Task requirements
Below are the entries. Transcribe exactly the lines from the one with "calc_adc_sum_sq46 : Subsystem" through the one with "calc_adc_sum_sq56 : Subsystem", ends included, and leave out all others.

[Saved entries]
== Segment start ==
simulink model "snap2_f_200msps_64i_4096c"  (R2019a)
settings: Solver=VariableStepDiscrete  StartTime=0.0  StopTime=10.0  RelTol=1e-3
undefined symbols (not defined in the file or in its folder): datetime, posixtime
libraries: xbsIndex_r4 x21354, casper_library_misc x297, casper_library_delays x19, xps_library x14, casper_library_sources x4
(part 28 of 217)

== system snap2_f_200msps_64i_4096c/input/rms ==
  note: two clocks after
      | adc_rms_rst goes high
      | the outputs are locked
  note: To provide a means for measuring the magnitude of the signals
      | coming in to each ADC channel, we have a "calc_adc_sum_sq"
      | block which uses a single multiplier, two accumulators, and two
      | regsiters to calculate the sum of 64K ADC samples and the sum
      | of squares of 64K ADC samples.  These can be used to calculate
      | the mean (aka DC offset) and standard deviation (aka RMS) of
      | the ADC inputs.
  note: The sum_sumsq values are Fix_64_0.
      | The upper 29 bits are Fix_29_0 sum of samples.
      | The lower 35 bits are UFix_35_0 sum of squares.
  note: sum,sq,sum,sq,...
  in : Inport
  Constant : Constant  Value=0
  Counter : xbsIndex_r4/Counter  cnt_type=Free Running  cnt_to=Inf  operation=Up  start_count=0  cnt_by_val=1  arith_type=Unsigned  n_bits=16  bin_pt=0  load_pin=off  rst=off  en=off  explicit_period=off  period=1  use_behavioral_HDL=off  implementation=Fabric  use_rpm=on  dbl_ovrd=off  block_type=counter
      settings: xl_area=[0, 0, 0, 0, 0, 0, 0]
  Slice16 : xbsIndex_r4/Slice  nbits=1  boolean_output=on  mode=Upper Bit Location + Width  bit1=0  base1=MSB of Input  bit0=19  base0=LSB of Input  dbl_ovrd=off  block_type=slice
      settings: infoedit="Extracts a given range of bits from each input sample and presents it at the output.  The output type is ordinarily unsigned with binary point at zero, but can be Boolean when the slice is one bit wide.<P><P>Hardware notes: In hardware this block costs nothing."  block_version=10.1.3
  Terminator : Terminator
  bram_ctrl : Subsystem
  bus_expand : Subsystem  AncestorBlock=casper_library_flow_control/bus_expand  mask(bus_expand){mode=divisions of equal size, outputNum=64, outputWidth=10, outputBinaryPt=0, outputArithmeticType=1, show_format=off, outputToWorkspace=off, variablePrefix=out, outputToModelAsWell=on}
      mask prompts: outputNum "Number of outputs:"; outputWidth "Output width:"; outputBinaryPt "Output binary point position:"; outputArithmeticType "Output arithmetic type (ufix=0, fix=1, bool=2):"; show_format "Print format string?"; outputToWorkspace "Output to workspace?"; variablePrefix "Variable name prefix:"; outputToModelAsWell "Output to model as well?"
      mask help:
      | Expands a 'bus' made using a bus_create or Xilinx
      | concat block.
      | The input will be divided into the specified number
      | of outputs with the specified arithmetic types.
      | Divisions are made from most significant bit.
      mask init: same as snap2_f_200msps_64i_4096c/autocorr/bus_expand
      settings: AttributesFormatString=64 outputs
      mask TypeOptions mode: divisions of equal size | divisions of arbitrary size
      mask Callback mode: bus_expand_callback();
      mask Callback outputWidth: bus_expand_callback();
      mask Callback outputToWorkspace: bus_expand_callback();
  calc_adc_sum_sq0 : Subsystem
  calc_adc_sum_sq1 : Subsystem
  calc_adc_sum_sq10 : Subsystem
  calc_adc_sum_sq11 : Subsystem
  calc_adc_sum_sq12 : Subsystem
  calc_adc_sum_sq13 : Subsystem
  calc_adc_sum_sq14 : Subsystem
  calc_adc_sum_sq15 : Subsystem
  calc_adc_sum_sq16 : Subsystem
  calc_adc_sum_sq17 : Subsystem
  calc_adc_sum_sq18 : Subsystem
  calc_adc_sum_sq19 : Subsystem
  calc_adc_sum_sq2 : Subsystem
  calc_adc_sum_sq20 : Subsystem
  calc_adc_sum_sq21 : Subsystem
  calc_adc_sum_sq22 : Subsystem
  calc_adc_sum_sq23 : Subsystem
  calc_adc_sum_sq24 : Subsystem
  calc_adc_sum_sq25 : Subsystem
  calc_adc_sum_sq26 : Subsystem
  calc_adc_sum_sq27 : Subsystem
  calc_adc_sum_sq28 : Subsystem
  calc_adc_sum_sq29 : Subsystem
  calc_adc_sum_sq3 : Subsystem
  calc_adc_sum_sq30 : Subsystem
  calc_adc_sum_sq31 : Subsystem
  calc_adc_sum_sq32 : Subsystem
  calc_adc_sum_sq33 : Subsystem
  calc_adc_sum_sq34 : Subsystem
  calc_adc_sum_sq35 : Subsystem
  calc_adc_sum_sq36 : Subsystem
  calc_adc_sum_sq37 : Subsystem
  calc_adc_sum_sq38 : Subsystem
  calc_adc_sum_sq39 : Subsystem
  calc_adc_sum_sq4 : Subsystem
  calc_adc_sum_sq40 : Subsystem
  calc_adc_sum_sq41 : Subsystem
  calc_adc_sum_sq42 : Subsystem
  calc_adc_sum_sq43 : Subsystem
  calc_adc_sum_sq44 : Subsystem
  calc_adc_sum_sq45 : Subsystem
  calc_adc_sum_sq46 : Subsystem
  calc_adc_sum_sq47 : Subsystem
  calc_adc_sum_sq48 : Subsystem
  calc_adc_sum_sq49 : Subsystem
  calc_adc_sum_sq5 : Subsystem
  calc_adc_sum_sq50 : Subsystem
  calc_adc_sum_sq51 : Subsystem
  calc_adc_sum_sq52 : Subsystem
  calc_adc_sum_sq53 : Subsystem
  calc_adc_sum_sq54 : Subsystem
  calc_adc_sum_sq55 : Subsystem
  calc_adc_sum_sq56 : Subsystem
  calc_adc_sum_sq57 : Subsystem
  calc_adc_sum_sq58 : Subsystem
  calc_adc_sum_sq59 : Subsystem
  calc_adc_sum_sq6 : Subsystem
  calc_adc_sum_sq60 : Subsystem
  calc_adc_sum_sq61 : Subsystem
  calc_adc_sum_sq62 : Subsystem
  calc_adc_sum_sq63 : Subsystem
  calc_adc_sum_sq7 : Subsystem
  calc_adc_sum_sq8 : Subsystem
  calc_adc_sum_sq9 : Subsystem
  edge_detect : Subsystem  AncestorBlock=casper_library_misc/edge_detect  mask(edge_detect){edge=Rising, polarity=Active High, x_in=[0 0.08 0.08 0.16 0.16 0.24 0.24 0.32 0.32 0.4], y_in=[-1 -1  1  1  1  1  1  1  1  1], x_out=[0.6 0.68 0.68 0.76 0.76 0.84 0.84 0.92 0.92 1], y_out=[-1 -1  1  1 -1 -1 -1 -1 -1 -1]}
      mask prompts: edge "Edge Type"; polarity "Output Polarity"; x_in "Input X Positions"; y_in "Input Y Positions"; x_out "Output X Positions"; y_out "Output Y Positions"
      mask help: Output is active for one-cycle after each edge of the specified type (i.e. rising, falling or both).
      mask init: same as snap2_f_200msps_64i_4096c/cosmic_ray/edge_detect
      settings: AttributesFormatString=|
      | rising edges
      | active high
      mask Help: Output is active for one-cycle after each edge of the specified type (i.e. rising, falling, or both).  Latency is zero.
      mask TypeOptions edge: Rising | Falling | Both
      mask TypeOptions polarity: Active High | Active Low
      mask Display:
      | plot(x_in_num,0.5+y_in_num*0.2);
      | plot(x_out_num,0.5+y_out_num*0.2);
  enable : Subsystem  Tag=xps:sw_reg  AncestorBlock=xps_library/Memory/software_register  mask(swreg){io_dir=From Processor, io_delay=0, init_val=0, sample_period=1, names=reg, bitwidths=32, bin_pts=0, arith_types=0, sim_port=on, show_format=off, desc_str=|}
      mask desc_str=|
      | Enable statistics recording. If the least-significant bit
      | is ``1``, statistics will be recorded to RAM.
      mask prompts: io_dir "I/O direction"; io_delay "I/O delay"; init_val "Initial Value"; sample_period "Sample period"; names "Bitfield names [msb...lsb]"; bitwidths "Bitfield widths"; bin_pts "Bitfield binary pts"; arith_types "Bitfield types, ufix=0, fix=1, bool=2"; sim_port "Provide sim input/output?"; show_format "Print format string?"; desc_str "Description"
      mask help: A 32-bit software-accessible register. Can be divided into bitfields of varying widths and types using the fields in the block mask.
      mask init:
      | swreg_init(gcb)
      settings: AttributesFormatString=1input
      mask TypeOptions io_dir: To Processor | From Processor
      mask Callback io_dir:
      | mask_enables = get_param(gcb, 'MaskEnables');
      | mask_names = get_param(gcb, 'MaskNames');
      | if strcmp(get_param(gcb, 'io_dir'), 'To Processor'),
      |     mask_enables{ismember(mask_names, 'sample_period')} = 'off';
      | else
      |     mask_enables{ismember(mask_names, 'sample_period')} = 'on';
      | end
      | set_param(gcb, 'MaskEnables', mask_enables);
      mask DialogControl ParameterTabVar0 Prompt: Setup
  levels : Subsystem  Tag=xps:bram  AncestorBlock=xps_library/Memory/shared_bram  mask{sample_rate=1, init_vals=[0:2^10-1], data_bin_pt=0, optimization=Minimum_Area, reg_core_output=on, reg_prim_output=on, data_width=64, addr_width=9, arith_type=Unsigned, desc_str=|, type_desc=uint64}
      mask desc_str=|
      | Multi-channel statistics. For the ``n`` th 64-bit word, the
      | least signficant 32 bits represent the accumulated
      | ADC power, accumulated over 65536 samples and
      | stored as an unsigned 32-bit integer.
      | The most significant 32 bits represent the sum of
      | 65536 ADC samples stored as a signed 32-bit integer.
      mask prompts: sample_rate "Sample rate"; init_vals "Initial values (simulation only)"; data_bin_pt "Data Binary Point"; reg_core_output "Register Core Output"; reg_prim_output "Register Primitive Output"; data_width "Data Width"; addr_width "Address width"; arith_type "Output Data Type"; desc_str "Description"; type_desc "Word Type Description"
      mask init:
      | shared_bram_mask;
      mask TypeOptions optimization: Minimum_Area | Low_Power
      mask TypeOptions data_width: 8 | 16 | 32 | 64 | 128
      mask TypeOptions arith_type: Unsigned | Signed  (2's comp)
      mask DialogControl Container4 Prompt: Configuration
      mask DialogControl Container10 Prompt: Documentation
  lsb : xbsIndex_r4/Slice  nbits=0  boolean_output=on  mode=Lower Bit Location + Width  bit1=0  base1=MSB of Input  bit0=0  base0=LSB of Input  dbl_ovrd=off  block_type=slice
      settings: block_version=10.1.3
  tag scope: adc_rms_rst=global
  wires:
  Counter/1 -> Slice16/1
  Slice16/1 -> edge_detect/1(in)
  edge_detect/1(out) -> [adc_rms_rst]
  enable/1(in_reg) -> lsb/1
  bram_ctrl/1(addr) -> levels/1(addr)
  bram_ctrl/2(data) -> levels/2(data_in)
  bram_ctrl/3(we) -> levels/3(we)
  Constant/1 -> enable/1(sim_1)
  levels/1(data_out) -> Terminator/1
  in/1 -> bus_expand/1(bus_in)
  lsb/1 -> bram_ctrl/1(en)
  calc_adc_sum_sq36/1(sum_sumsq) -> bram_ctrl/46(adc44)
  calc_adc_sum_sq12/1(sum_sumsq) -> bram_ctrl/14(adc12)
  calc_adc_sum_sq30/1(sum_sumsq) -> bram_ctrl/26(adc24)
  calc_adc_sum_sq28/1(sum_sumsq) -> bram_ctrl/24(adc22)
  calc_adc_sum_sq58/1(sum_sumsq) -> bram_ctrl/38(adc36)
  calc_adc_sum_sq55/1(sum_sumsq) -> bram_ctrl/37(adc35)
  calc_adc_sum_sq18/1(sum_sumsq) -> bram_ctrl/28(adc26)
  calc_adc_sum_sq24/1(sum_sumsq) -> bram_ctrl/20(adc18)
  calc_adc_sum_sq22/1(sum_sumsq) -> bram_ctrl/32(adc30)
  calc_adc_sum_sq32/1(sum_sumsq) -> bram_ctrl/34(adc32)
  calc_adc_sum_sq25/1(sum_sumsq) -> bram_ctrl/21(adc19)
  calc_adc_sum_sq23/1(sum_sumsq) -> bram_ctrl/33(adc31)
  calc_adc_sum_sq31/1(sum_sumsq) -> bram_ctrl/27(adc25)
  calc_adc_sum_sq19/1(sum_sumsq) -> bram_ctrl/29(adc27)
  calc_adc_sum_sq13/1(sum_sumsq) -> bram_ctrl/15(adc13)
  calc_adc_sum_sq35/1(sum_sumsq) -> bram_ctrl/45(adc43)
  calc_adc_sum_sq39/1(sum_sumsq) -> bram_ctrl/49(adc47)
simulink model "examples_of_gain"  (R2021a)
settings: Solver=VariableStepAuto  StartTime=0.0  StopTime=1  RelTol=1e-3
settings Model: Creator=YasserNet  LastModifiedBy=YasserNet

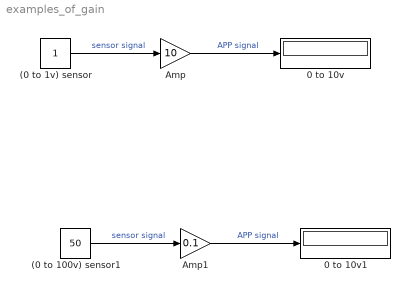
== system examples_of_gain ==
  (0 to 100v) sensor1 : Constant  Value=50
  (0 to 1v) sensor : Constant
  0 to 10v : Display
  0 to 10v1 : Display
  Amp : Gain  Gain=10
  Amp1 : Gain  Gain=0.1
  wires:
  (0 to 1v) sensor/1 -> Amp/1  "sensor signal"
  Amp/1 -> 0 to 10v/1  "APP signal"
  (0 to 100v) sensor1/1 -> Amp1/1  "sensor signal"
  Amp1/1 -> 0 to 10v1/1  "APP signal"
simulink model "ProcessNetworkSimulation"  (R2015b)
settings: Solver=VariableStepAuto  StartTime=0.0  StopTime=1000.0  RelTol=1e-3
libraries: simulink x1, simeventslib x1
(part 20 of 21)

== system ProcessNetworkSimulation/Process_73/Process ==
  OUTQueue : FIFOQueue  Capacity=inf
  ProcessQueue : FIFOQueue  Capacity=Inf  StatAverageWait=on  StatAverageQueueLength=on
      settings: OutputPortMap=o2,o3
  ProcessServer : NServer  NumberOfServers=14  ServiceTimeFrom=Signal port t  StatNumberDeparted=on  StatUtilization=on
      settings: OutputPortMap=o0,o5
  ProcessTime : EventBasedRandomNumber  meanExp=0.05  minUnif=1  meanNorm=2  stdNorm=0.2  Seed=56201
  Routing : EventBasedRandomNumber  Distribution=Arbitrary discrete  valueVecDisc=[0,1,2,3,4,5,6,7,8,9,10,11,12,13,14,15,16,17,18,19,20,21,22,23,24,25,26,27,28,29,30,31,32,33,34,35,36,37,38,39,40,41,42,43,44]  probVecDisc=[0,0.032,0.0036,0.0071,0.0285,0.032,0.0071,0.032,0.0214,0.0249,0.0214,0.032,0.0036,0.032,0.0285,0.0249,0.0249,0.0249,0.0214,0.032,0.032,0.032,0.0249,0.0285,0.0249,0.0178,0.0214,0.032,0.032,0.0071,0.0071,0.032,0.0036,0.0356,0.0214,0.032,0.0249,0.0249,0.032,0.0107,0.0071,0.0214,0.0249,0.0285,0.0071]  Seed=59418
  read_ProcessTimer : ReadTimer  TimerTag=T_Process_73  StatAverageTimeElapsed=on
      settings: OutputPortMap=o3
  setRouting : SetAttribute  AttributeName=outputFlowNode  AttributeFrom=Signal port  EvaluatedAttributeValue={ []}
  start_ProcessTimer : StartTimer  TimerTag=T_Process_73  TimerStartedOption=Restart
  IN_Job : PMIOPort  Port=1  Side=Left
  OUT_Job : PMIOPort  Port=2  Side=Right
  wires:
  Routing/1 -> setRouting/1
  ProcessTime/1 -> ProcessServer/1
  connections:
  setRouting/LConn1 -- OUTQueue/RConn1
  IN_Job/RConn1 -- start_ProcessTimer/LConn1
  ProcessServer/RConn1 -- read_ProcessTimer/LConn1
  start_ProcessTimer/RConn1 -- ProcessQueue/LConn1
  ProcessQueue/RConn1 -- ProcessServer/LConn1
  read_ProcessTimer/RConn1 -- OUTQueue/LConn1
  OUT_Job/RConn1 -- setRouting/RConn1

== system ProcessNetworkSimulation/Process_74/Process ==
  OUTQueue : FIFOQueue  Capacity=inf
  ProcessQueue : FIFOQueue  Capacity=Inf  StatAverageWait=on  StatAverageQueueLength=on
      settings: OutputPortMap=o2,o3
  ProcessServer : NServer  NumberOfServers=8  ServiceTimeFrom=Signal port t  StatNumberDeparted=on  StatUtilization=on
      settings: OutputPortMap=o0,o5
  ProcessTime : EventBasedRandomNumber  meanExp=0.05  minUnif=1  meanNorm=2  stdNorm=0.2  Seed=62635
  Routing : EventBasedRandomNumber  Distribution=Arbitrary discrete  valueVecDisc=[0,1,2,3,4,5,6,7,8,9,10,11,12,13,14,15,16,17,18,19,20,21,22,23,24,25,26,27,28,29,30,31,32,33,34,35]  probVecDisc=[0,0.0511,0.0146,0.0146,0.0657,0.0219,0.0438,0.0365,0.0511,0.0365,0.0146,0.0146,0.0146,0.0657,0.0365,0.0146,0.0073,0.0146,0.0729,0.0365,0.0219,0.0219,0.0219,0.0146,0.0073,0.0146,0.0511,0.0365,0.0219,0.0146,0.0146,0.0073,0.0146,0.0438,0.0657,0]  Seed=316
  read_ProcessTimer : ReadTimer  TimerTag=T_Process_74  StatAverageTimeElapsed=on
      settings: OutputPortMap=o3
  setRouting : SetAttribute  AttributeName=outputFlowNode  AttributeFrom=Signal port  EvaluatedAttributeValue={ []}
  start_ProcessTimer : StartTimer  TimerTag=T_Process_74  TimerStartedOption=Restart
  IN_Job : PMIOPort  Port=1  Side=Left
  OUT_Job : PMIOPort  Port=2  Side=Right
  wires:
  Routing/1 -> setRouting/1
  ProcessTime/1 -> ProcessServer/1
  connections:
  setRouting/LConn1 -- OUTQueue/RConn1
  IN_Job/RConn1 -- start_ProcessTimer/LConn1
  ProcessServer/RConn1 -- read_ProcessTimer/LConn1
  start_ProcessTimer/RConn1 -- ProcessQueue/LConn1
  ProcessQueue/RConn1 -- ProcessServer/LConn1
  read_ProcessTimer/RConn1 -- OUTQueue/LConn1
  OUT_Job/RConn1 -- setRouting/RConn1

== system ProcessNetworkSimulation/Process_75/Process ==
  OUTQueue : FIFOQueue  Capacity=inf
  ProcessQueue : FIFOQueue  Capacity=Inf  StatAverageWait=on  StatAverageQueueLength=on
      settings: OutputPortMap=o2,o3
  ProcessServer : NServer  NumberOfServers=13  ServiceTimeFrom=Signal port t  StatNumberDeparted=on  StatUtilization=on
      settings: OutputPortMap=o0,o5
  ProcessTime : EventBasedRandomNumber  meanExp=0.05  minUnif=1  meanNorm=2  stdNorm=0.2  Seed=3533
  Routing : EventBasedRandomNumber  Distribution=Arbitrary discrete  valueVecDisc=[0,1,2,3,4,5,6,7,8,9,10,11,12,13,14,15,16,17,18,19,20,21,22,23,24,25,26,27,28,29,30,31,32,33,34,35,36,37,38,39,40,41,42,43,44,45,46,47,48,49,50]  probVecDisc=[0,0.0081,0.0242,0.0242,0.0242,0.004,0.0121,0.0363,0.0121,0.0081,0.0081,0.0363,0.0282,0.0397,0.0363,0.0081,0.0282,0.0081,0.0081,0.0323,0.0202,0.0363,0.0081,0.0202,0.0282,0.0081,0.0202,0.0081,0.004,0.0363,0.0121,0.0081,0.0242,0.0282,0.0363,0.0202,0.0242,0.0081,0.0282,0.0081,0.0363,0.0081,0.0282,0.0081,0.0242,0.0121,0.0242,0.0081,0.0403,0.0363,0]  Seed=6750
  read_ProcessTimer : ReadTimer  TimerTag=T_Process_75  StatAverageTimeElapsed=on
      settings: OutputPortMap=o3
  setRouting : SetAttribute  AttributeName=outputFlowNode  AttributeFrom=Signal port  EvaluatedAttributeValue={ []}
  start_ProcessTimer : StartTimer  TimerTag=T_Process_75  TimerStartedOption=Restart
  IN_Job : PMIOPort  Port=1  Side=Left
  OUT_Job : PMIOPort  Port=2  Side=Right
  wires:
  Routing/1 -> setRouting/1
  ProcessTime/1 -> ProcessServer/1
  connections:
  setRouting/LConn1 -- OUTQueue/RConn1
  IN_Job/RConn1 -- start_ProcessTimer/LConn1
  ProcessServer/RConn1 -- read_ProcessTimer/LConn1
  start_ProcessTimer/RConn1 -- ProcessQueue/LConn1
  ProcessQueue/RConn1 -- ProcessServer/LConn1
  read_ProcessTimer/RConn1 -- OUTQueue/LConn1
  OUT_Job/RConn1 -- setRouting/RConn1

== system ProcessNetworkSimulation/Process_76/Process ==
  OUTQueue : FIFOQueue  Capacity=inf
  ProcessQueue : FIFOQueue  Capacity=Inf  StatAverageWait=on  StatAverageQueueLength=on
      settings: OutputPortMap=o2,o3
  ProcessServer : NServer  NumberOfServers=13  ServiceTimeFrom=Signal port t  StatNumberDeparted=on  StatUtilization=on
      settings: OutputPortMap=o0,o5
  ProcessTime : EventBasedRandomNumber  meanExp=0.05  minUnif=1  meanNorm=2  stdNorm=0.2  Seed=9967
  Routing : EventBasedRandomNumber  Distribution=Arbitrary discrete  valueVecDisc=[0,1,2,3,4,5,6,7,8,9,10,11,12,13,14,15,16,17,18,19,20,21,22,23,24,25,26,27,28,29,30,31,32,33,34,35,36,37,38]  probVecDisc=[0,0.0433,0.0048,0.024,0.0096,0.024,0.0385,0.0096,0.0096,0.0288,0.024,0.0433,0.0337,0.0337,0.0433,0.0096,0.0096,0.0337,0.0337,0.0433,0.024,0.0144,0.0288,0.0481,0.0433,0.0096,0.0144,0.0433,0.0337,0.0096,0.024,0.0288,0.0288,0.024,0.0048,0.0385,0.0481,0.0337,0]  Seed=13184
  read_ProcessTimer : ReadTimer  TimerTag=T_Process_76  StatAverageTimeElapsed=on
      settings: OutputPortMap=o3
  setRouting : SetAttribute  AttributeName=outputFlowNode  AttributeFrom=Signal port  EvaluatedAttributeValue={ []}
  start_ProcessTimer : StartTimer  TimerTag=T_Process_76  TimerStartedOption=Restart
  IN_Job : PMIOPort  Port=1  Side=Left
  OUT_Job : PMIOPort  Port=2  Side=Right
  wires:
  Routing/1 -> setRouting/1
  ProcessTime/1 -> ProcessServer/1
  connections:
  setRouting/LConn1 -- OUTQueue/RConn1
  IN_Job/RConn1 -- start_ProcessTimer/LConn1
  ProcessServer/RConn1 -- read_ProcessTimer/LConn1
  start_ProcessTimer/RConn1 -- ProcessQueue/LConn1
  ProcessQueue/RConn1 -- ProcessServer/LConn1
  read_ProcessTimer/RConn1 -- OUTQueue/LConn1
  OUT_Job/RConn1 -- setRouting/RConn1

== system ProcessNetworkSimulation/Process_77/Process ==
  OUTQueue : FIFOQueue  Capacity=inf
  ProcessQueue : FIFOQueue  Capacity=Inf  StatAverageWait=on  StatAverageQueueLength=on
      settings: OutputPortMap=o2,o3
  ProcessServer : NServer  NumberOfServers=10  ServiceTimeFrom=Signal port t  StatNumberDeparted=on  StatUtilization=on
      settings: OutputPortMap=o0,o5
  ProcessTime : EventBasedRandomNumber  meanExp=0.05  minUnif=1  meanNorm=2  stdNorm=0.2  Seed=16401
  Routing : EventBasedRandomNumber  Distribution=Arbitrary discrete  valueVecDisc=[0,1,2,3,4,5,6,7,8,9,10,11,12,13,14,15,16,17,18,19,20,21,22,23,24,25,26,27,28,29,30,31,32,33,34,35,36,37,38]  probVecDisc=[0,0.0279,0.0112,0.0335,0.0112,0.0503,0.0335,0.0112,0.0112,0.0391,0.0168,0.0279,0.0112,0.0279,0.0335,0.0503,0.0112,0.0112,0.0335,0.0447,0.0112,0.0112,0.0503,0.0503,0.0391,0.0112,0.0556,0.0335,0.0279,0.0112,0.0112,0.0335,0.0279,0.0391,0.0391,0.0056,0.0168,0.0168,0.0112]  Seed=19618
  read_ProcessTimer : ReadTimer  TimerTag=T_Process_77  StatAverageTimeElapsed=on
      settings: OutputPortMap=o3
  setRouting : SetAttribute  AttributeName=outputFlowNode  AttributeFrom=Signal port  EvaluatedAttributeValue={ []}
  start_ProcessTimer : StartTimer  TimerTag=T_Process_77  TimerStartedOption=Restart
  IN_Job : PMIOPort  Port=1  Side=Left
  OUT_Job : PMIOPort  Port=2  Side=Right
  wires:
== Segment end ==
Written reply
  calc_adc_sum_sq46 : Subsystem
  calc_adc_sum_sq47 : Subsystem
  calc_adc_sum_sq48 : Subsystem
  calc_adc_sum_sq49 : Subsystem
  calc_adc_sum_sq5 : Subsystem
  calc_adc_sum_sq50 : Subsystem
  calc_adc_sum_sq51 : Subsystem
  calc_adc_sum_sq52 : Subsystem
  calc_adc_sum_sq53 : Subsystem
  calc_adc_sum_sq54 : Subsystem
  calc_adc_sum_sq55 : Subsystem
  calc_adc_sum_sq56 : Subsystem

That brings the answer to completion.